En un discurso presidencial que dejó a la nación con la respiración contenida, el presidente Javier Milei abrió las sesiones del Congreso el pasado viernes, elogiando un ajuste fiscal «innegociable» y proponiendo reformas ultra regresivas que amenazan con llevar al país por un camino de incertidumbre y desigualdad.
Durante más de una hora, Milei repitió su narrativa sobre la «peor herencia» y la necesidad de un ajuste salvaje que, según él, es la única salida para la «decadencia» del país. Sin embargo, lo más sorprendente fue la ausencia de iniciativas de paliativos para jubilados y trabajadores en el discurso.
Los rumores que circulaban durante el día entre los inversores sugerían anuncios de alto impacto, como la unificación cambiaria y la implementación de un esquema de competencias de monedas. Sin embargo, ninguna de estas propuestas se materializó en el discurso de Milei, que más bien se centró en destacar las presuntas bondades de los mercados libres, presentando números como si fueran sagradas escrituras.
Uno de los puntos más controversiales fue la enfatización en «la motosierra», un recorte fiscal que, según Milei, recae por primera vez sobre la política y no sobre el sector privado. A pesar de datos que sugieren la caída real de las jubilaciones en enero, el presidente insistió en que «hubo mucha más motosierra».
El déficit fiscal fue presentado como la «madre de todas las batallas», y Milei argumentó que su gobierno se centrará en erradicarlo junto con la emisión monetaria del Banco Central, que financia lo denominó como «orgía de gastos» del sector público.

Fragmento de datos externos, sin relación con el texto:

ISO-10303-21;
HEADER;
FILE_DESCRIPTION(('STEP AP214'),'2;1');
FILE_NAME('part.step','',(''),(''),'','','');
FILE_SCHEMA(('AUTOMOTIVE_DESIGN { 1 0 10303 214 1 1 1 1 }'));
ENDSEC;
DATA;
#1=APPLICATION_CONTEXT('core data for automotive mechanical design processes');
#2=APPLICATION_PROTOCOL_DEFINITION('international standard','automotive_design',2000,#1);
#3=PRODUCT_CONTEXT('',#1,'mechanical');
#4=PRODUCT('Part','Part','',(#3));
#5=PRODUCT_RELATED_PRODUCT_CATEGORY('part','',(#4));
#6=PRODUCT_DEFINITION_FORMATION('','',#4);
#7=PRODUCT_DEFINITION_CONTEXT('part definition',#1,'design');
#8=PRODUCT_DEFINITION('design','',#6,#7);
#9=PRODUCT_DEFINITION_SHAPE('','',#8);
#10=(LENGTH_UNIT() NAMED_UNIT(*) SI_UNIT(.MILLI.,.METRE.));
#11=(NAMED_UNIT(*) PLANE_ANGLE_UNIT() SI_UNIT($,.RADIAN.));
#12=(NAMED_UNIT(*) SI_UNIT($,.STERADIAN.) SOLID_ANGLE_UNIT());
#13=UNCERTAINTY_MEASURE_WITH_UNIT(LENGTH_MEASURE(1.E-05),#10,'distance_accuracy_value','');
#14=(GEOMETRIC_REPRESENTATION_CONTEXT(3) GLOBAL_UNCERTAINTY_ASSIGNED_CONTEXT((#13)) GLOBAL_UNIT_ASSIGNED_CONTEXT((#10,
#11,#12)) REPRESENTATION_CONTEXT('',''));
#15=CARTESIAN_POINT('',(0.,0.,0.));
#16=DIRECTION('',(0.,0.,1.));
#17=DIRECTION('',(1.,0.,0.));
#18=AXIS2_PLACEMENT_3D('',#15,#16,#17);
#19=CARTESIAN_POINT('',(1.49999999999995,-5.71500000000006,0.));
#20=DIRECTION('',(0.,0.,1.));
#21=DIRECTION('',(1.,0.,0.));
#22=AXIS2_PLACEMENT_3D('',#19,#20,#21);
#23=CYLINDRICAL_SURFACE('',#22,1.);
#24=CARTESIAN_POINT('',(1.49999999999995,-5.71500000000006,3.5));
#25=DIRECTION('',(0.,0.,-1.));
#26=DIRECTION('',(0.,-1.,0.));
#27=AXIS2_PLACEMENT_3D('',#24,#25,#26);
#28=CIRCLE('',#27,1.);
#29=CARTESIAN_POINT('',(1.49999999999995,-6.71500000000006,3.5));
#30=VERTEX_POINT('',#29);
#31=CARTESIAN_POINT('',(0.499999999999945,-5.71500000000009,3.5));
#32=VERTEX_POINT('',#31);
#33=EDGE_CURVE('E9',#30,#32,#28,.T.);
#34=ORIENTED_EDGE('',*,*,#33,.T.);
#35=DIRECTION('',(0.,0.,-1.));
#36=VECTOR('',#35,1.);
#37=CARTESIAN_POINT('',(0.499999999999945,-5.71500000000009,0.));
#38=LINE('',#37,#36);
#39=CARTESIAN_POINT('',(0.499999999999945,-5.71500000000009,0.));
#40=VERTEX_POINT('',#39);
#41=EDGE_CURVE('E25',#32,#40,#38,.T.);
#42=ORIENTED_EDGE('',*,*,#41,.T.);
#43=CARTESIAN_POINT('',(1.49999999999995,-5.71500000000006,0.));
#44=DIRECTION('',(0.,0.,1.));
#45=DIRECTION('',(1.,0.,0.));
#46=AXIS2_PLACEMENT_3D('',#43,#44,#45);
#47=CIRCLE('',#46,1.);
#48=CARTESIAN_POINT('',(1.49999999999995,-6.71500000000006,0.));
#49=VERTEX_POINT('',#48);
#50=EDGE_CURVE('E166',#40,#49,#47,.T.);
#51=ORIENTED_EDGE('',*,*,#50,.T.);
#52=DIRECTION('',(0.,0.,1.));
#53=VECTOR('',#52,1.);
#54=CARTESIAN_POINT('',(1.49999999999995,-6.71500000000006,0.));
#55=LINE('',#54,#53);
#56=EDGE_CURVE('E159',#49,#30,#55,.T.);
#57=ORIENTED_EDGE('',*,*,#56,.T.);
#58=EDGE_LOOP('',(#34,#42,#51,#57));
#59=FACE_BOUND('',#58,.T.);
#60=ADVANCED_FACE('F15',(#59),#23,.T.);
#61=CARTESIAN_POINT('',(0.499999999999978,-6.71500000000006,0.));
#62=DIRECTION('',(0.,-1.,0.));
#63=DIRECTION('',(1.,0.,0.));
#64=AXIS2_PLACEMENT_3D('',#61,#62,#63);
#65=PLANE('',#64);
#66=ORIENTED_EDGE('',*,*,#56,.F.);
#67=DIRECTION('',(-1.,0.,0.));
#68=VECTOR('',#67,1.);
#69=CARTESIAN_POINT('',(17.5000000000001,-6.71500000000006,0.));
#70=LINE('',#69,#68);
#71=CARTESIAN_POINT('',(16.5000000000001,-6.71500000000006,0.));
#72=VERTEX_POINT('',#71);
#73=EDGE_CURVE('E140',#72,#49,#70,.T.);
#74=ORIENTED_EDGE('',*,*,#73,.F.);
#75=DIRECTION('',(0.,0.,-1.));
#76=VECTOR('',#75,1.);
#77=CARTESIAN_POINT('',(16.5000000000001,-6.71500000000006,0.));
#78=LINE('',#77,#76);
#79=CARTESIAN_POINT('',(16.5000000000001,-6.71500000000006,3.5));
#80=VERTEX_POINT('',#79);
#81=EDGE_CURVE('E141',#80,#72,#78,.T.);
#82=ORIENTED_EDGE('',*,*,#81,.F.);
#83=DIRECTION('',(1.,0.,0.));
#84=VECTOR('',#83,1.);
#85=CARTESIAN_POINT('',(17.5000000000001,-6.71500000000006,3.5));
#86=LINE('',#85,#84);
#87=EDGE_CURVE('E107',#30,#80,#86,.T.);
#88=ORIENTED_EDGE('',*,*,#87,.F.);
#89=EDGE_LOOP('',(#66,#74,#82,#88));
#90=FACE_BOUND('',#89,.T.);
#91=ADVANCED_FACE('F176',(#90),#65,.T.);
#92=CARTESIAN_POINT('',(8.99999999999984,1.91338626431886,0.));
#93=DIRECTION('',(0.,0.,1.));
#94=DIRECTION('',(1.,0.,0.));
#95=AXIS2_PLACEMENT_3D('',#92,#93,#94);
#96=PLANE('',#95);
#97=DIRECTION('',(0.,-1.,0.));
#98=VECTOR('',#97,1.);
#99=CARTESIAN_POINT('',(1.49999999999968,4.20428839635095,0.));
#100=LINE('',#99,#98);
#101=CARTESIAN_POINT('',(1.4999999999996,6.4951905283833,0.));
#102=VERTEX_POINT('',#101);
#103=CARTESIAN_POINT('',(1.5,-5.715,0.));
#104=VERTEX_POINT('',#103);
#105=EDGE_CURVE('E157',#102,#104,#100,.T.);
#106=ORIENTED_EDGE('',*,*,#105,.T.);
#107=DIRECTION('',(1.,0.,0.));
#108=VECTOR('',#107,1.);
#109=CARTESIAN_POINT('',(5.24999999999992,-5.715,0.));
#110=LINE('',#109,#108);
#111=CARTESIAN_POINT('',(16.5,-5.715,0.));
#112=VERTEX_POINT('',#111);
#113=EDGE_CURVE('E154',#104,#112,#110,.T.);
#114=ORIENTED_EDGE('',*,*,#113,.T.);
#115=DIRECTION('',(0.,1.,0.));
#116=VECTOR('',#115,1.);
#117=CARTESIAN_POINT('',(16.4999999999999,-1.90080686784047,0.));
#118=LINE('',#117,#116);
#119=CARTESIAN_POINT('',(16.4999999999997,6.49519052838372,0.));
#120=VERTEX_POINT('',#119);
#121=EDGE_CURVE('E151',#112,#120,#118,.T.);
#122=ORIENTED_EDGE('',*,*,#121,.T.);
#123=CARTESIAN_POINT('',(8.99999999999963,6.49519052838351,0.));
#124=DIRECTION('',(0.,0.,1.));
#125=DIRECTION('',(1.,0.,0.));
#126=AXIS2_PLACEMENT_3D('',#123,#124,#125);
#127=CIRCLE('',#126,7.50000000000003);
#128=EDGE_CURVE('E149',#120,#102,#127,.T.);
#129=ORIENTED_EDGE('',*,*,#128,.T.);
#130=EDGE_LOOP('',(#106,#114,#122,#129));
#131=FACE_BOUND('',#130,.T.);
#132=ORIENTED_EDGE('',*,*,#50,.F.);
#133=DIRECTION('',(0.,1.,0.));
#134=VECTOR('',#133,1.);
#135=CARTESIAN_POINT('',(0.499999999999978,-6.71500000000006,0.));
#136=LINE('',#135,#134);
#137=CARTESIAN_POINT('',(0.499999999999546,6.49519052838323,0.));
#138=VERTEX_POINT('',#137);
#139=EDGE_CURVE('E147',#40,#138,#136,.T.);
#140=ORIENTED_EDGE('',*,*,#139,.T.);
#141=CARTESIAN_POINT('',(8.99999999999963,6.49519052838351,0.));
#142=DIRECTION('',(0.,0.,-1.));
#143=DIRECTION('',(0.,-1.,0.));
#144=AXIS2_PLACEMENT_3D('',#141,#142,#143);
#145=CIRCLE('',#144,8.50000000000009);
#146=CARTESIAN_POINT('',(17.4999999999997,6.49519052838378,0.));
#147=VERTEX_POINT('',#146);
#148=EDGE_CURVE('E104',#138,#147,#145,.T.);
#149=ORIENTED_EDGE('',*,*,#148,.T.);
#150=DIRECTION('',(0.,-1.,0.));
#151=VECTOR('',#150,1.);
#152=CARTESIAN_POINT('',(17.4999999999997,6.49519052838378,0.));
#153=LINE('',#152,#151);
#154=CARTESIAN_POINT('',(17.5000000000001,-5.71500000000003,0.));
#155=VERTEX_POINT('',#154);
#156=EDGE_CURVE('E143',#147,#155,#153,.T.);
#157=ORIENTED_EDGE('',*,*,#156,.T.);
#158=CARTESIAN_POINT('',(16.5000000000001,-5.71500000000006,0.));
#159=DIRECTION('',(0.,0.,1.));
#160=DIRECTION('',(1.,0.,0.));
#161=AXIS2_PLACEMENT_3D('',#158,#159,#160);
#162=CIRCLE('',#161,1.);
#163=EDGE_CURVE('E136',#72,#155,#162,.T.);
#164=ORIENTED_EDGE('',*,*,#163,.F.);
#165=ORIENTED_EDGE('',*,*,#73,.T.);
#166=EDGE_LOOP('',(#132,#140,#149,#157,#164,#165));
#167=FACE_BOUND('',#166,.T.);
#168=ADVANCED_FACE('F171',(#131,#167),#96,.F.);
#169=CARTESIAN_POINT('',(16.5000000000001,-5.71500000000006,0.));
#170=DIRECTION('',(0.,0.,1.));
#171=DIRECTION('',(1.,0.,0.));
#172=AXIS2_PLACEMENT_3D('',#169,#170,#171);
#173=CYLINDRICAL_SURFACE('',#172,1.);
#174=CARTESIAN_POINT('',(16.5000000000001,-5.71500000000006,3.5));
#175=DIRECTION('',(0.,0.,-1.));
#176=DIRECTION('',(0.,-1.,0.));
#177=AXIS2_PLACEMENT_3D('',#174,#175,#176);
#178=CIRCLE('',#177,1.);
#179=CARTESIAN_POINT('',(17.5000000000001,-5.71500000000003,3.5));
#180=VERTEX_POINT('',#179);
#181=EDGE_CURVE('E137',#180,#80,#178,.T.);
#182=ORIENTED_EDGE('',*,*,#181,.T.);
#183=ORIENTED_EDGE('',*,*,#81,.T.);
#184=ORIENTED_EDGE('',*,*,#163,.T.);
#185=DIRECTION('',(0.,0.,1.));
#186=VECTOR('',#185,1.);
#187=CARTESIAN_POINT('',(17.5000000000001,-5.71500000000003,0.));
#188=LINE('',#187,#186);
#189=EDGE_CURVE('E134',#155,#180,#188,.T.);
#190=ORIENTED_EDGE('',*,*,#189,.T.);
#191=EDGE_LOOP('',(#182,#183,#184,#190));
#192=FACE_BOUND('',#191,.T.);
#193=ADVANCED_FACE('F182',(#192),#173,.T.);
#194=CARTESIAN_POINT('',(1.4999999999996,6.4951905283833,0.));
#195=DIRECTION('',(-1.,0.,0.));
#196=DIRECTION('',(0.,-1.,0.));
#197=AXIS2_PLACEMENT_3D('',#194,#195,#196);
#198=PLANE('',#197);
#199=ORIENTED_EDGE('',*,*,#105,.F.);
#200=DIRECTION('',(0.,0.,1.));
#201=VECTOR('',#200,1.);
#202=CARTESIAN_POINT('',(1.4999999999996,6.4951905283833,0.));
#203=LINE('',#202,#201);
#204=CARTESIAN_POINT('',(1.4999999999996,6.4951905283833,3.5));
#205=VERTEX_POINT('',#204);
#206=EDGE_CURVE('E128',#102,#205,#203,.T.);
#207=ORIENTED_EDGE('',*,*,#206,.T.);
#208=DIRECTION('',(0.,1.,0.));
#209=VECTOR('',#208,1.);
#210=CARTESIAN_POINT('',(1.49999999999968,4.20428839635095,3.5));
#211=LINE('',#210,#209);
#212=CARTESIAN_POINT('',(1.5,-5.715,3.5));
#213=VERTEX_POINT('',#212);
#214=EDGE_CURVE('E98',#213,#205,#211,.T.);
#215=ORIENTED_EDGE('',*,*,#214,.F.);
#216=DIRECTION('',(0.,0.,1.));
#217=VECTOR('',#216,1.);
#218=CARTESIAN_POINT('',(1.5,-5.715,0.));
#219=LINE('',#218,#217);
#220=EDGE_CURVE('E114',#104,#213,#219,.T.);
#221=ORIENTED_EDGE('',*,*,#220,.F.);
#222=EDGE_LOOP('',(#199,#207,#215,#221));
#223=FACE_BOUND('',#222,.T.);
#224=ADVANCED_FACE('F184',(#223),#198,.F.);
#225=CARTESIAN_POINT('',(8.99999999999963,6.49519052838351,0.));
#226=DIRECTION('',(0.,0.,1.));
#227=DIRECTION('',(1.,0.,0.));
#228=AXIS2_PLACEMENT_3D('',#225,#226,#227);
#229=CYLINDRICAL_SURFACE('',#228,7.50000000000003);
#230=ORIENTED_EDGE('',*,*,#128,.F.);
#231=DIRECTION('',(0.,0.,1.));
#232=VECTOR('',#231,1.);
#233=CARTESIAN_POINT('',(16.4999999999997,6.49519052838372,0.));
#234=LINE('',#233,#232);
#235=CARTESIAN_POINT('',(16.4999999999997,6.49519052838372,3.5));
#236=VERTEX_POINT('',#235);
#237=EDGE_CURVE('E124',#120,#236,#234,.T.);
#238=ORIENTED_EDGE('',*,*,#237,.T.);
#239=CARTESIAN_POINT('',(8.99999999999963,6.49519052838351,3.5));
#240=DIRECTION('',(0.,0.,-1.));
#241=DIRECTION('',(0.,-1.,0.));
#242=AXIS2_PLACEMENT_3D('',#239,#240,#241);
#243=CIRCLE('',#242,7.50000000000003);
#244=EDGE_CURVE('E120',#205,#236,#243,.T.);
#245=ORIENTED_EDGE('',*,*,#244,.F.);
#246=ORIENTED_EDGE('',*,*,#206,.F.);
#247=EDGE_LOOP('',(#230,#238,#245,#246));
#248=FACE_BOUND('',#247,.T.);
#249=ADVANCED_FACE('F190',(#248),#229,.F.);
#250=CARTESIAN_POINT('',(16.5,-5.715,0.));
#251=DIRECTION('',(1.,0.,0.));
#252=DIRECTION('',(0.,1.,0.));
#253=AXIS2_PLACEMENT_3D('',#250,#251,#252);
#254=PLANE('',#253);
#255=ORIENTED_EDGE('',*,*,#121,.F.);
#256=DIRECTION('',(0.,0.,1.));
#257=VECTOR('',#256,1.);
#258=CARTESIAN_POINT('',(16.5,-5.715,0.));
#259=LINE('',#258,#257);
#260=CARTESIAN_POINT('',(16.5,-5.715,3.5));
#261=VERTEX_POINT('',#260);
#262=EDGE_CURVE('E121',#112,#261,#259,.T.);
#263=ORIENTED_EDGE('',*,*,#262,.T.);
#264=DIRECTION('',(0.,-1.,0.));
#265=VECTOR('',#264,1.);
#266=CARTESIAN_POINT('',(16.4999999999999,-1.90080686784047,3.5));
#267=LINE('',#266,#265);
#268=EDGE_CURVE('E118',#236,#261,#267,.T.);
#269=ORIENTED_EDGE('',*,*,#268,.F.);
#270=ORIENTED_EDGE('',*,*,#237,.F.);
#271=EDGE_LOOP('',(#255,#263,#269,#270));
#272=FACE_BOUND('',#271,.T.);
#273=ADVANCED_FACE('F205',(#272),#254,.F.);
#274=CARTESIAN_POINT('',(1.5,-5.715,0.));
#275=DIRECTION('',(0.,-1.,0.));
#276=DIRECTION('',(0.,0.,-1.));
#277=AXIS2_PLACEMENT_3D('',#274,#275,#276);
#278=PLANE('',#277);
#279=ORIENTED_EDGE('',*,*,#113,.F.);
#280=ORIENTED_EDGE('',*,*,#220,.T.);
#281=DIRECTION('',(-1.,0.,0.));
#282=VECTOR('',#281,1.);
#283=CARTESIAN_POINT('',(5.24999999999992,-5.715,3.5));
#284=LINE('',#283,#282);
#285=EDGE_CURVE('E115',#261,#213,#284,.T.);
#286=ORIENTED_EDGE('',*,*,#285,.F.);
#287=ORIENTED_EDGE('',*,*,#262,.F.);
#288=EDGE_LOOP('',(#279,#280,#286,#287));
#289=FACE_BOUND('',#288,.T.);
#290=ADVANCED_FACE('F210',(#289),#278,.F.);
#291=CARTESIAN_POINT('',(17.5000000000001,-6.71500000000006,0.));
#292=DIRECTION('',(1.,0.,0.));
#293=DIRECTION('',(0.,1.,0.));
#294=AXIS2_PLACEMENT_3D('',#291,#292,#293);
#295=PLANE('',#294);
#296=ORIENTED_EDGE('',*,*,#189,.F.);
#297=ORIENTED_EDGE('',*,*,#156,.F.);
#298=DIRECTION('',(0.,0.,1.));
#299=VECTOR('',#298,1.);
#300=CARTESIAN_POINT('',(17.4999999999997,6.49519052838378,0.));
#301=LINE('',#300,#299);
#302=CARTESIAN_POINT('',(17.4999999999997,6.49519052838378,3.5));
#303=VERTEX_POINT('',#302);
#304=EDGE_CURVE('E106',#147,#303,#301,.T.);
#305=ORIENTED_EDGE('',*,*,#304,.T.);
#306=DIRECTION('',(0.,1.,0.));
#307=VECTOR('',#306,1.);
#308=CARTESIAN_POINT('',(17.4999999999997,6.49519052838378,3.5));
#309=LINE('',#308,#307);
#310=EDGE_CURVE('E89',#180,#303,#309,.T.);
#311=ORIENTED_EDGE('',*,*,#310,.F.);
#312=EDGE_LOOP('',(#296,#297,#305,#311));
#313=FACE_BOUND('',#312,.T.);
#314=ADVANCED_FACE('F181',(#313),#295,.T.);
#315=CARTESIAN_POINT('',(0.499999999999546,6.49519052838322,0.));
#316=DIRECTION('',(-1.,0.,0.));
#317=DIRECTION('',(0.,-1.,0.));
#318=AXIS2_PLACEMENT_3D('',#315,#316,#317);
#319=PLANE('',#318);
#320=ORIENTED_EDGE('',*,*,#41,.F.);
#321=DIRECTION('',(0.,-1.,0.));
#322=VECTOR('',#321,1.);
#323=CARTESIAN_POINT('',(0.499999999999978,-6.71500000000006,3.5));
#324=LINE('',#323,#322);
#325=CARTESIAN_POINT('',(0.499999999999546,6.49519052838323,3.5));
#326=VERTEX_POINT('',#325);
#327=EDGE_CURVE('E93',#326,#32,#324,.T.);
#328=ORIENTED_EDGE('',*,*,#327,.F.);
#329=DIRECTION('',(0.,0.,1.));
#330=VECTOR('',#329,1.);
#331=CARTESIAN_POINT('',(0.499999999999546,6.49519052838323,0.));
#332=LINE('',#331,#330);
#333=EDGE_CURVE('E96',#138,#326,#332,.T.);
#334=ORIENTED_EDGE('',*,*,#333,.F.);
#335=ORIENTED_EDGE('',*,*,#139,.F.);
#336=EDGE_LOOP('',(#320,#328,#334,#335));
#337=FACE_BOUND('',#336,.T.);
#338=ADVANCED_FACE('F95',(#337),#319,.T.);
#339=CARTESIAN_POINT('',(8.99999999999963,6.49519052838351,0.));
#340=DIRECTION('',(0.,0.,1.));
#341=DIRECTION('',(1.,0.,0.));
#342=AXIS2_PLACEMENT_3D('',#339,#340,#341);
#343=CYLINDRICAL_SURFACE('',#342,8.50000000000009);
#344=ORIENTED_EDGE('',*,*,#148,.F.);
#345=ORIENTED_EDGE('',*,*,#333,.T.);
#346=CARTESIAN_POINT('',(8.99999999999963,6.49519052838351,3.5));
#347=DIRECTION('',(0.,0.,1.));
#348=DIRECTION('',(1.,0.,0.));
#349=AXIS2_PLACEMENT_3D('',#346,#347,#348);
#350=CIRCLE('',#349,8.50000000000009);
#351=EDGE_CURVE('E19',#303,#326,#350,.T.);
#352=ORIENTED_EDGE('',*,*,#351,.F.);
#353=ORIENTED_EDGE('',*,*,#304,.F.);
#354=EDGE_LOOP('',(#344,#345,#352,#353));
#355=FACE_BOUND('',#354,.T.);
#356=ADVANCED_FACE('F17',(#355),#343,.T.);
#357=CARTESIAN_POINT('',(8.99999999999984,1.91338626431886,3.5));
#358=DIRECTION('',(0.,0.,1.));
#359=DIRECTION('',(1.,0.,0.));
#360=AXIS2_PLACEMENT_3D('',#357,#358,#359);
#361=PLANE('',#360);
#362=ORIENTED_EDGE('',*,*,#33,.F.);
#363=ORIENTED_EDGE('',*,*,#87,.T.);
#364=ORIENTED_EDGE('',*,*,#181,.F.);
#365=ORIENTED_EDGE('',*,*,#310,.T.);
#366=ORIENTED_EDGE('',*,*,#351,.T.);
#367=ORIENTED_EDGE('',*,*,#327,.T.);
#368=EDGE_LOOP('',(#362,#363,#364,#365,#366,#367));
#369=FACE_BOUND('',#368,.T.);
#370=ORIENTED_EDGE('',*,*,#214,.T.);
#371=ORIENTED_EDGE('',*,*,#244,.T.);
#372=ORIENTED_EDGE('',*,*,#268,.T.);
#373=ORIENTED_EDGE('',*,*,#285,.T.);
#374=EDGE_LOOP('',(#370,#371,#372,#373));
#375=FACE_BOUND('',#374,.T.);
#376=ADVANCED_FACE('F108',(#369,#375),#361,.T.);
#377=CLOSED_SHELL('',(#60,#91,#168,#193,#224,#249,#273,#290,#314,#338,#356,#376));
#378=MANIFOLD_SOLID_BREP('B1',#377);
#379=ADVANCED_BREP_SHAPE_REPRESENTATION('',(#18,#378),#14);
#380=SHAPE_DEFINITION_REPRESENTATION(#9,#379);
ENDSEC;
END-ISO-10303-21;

En cuanto a las propuestas de reforma, el presidente planea enviar al Congreso un paquete de leyes «anticasta». Entre ellas, la eliminación de jubilaciones de privilegio, la imposición de límites a la reelección sindical y cambios en los convenios colectivos de trabajo sectoriales. También se busca penalizar como un delito de lesa humanidad a los funcionarios que aprueben un presupuesto financiado con emisión del Banco Central.
A pesar de la retórica confrontativa, Milei sorprendió al final del discurso al invitar a los gobernadores a firmar el Pacto de Mayo, ofreciendo alivios fiscales como incentivo. Sin embargo, la ambigüedad sobre si esta invitación es meramente discursiva o tiene una intención concreta genera incertidumbre.
Entre los diez puntos del supuesto «nuevo pacto fundacional para la Argentina» se encuentran medidas controvertidas como la inviolabilidad de la propiedad privada, la reducción del gasto público al 25% del PIB, y reformas laborales y previsionales que han generado preocupación entre diversos sectores de la sociedad. En un país que busca estabilidad, las propuestas de Milei han generado una ola de incertidumbre sobre el futuro económico y social.